Congressman Ben McAdams (D-Utah) held his first town hall meeting Jan. 19 at the Redwood Recreation Center in West Valley City. This was his first town hall since winning a hotly-contested election against GOP incumbent Mia Love last November.
The election race between McAdams and Love was one of the closest in the nation, with the winner being declared by a narrow margin of less than half of a percent. During the election, McAdams vocally criticized Love’s poor track record of holding town hall meetings to listen to her constituents.
— The Globe (@GlobeSLCC) October 16, 2018
Aware that many of his followers weren’t supportive of him during his campaign, McAdams opened the town hall meeting by attempting a call for unity.
“Whether you voted for me or not, I’m here to work for you,” McAdams said.
McAdams faced intense questioning from both sides of the political spectrum. Talks ranged from protecting the Affordable Care Act, also known as “Obamacare,” to protecting Second Amendment rights; there was no shortage of hot topics to be discussed.
McAdams emphasized the importance of bipartisan solutions in Washington throughout the event. As a former State Senator in Utah, he recounted working across the aisle as a Democrat in one of the most Republican states in the nation.
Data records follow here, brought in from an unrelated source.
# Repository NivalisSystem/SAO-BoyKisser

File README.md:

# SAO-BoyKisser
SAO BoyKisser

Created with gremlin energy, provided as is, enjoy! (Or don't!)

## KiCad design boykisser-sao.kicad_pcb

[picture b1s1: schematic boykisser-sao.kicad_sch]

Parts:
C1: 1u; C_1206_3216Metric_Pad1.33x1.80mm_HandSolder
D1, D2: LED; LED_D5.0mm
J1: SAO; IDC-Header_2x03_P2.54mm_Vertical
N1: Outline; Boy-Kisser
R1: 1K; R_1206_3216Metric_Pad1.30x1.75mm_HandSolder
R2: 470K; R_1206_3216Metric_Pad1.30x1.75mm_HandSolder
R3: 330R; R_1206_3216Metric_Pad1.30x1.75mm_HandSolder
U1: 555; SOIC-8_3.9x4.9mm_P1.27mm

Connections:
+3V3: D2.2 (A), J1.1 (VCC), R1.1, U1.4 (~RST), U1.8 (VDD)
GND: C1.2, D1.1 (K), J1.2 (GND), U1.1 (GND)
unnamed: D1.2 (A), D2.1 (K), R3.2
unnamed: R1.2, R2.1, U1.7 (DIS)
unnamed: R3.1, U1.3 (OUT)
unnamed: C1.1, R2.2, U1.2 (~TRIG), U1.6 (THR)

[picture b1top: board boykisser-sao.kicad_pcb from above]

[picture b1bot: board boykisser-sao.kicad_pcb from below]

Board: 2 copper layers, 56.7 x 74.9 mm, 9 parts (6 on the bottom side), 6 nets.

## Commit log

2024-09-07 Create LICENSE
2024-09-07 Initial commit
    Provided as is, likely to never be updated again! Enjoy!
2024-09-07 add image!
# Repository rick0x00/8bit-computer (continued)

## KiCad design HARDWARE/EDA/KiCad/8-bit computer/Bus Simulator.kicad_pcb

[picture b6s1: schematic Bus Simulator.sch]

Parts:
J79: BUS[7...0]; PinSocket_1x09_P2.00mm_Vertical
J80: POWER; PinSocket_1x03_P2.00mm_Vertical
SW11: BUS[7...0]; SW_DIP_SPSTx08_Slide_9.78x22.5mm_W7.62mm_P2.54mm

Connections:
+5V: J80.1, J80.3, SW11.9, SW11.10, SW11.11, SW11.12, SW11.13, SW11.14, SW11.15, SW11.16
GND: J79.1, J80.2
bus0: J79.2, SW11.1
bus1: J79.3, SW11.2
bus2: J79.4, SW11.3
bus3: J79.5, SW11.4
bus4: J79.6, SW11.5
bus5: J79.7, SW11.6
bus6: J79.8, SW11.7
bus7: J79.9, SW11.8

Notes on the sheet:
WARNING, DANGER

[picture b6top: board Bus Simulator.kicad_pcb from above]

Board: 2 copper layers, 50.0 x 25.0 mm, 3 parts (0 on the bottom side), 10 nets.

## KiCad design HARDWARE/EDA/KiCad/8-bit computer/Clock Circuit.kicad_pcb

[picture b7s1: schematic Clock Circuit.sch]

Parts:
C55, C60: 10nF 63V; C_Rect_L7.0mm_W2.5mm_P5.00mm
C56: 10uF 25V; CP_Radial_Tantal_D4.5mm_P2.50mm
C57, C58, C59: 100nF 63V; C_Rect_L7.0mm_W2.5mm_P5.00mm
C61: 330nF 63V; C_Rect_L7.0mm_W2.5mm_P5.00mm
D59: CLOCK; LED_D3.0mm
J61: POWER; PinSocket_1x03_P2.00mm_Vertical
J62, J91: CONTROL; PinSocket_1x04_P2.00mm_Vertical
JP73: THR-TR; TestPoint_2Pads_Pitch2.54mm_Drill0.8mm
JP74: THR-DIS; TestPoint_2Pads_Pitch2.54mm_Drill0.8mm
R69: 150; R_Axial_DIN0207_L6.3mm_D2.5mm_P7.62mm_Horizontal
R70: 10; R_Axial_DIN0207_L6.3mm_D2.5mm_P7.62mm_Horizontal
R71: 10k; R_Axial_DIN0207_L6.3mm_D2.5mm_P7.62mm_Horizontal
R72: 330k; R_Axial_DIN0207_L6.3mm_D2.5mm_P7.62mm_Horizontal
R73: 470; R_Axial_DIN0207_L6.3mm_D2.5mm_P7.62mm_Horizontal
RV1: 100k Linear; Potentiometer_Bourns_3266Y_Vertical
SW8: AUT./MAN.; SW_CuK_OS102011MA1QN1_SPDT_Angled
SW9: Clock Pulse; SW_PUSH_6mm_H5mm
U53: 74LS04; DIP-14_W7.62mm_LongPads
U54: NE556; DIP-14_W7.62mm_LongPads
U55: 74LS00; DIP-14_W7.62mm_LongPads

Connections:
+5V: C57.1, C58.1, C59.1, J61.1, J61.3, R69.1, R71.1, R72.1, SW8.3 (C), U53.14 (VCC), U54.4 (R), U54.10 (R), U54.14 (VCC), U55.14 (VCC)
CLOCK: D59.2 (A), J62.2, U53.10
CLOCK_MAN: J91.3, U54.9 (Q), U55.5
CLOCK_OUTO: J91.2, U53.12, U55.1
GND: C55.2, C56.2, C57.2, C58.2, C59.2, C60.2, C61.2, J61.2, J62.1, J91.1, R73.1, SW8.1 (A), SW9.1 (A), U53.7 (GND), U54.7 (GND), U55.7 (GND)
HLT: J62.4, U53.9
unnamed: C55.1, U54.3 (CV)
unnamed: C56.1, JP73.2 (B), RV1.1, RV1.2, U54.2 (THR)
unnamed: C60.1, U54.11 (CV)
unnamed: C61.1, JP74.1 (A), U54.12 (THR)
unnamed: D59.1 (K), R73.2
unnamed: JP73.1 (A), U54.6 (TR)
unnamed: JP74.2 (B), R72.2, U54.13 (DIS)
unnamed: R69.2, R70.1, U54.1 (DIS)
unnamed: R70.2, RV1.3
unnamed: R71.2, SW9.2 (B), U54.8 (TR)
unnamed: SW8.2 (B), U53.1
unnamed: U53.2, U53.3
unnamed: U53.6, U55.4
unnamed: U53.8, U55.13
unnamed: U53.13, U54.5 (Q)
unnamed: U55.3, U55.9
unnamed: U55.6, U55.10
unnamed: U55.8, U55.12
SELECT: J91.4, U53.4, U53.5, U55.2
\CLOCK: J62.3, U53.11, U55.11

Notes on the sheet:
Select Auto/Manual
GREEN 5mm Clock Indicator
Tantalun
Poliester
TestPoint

“I wouldn’t have gotten a single thing done if I wasn’t willing to reach across the aisle,” McAdams said.
Many on the left questioned the congressman’s stance on bills addressing climate change and whether he would support them.
When questioned on a bill dealing with regulation of carbon emissions, McAdams said, “This is an issue that is important to me and should be important to the United States Congress.”
Those from the right pressed McAdams on Second Amendment issues.
One man spoke loudly about how he believes that those who try to pass bills limiting the Second Amendment should be “locked up” for trying to infringe on Americans’ right to bear arms. In cases like this, McAdams thanked them for their comments and quickly answered other questions.
One topic that came from both sides equally was whether McAdams had a solution to the ongoing government shutdown.
One man who spoke was a furloughed (currently working, but without pay due to the shutdown) FBI agent who had experience on the American-Mexican border. He urged McAdams to support solutions that would end the shutdown but would also invest in “smart security” at the border, instead of just a wall across it.
The next chance for citizens to talk to McAdams will be Jan. 26 at his district office in West Jordan from 1 p.m. to 3 p.m. More town hall meetings are expected in the coming weeks and months.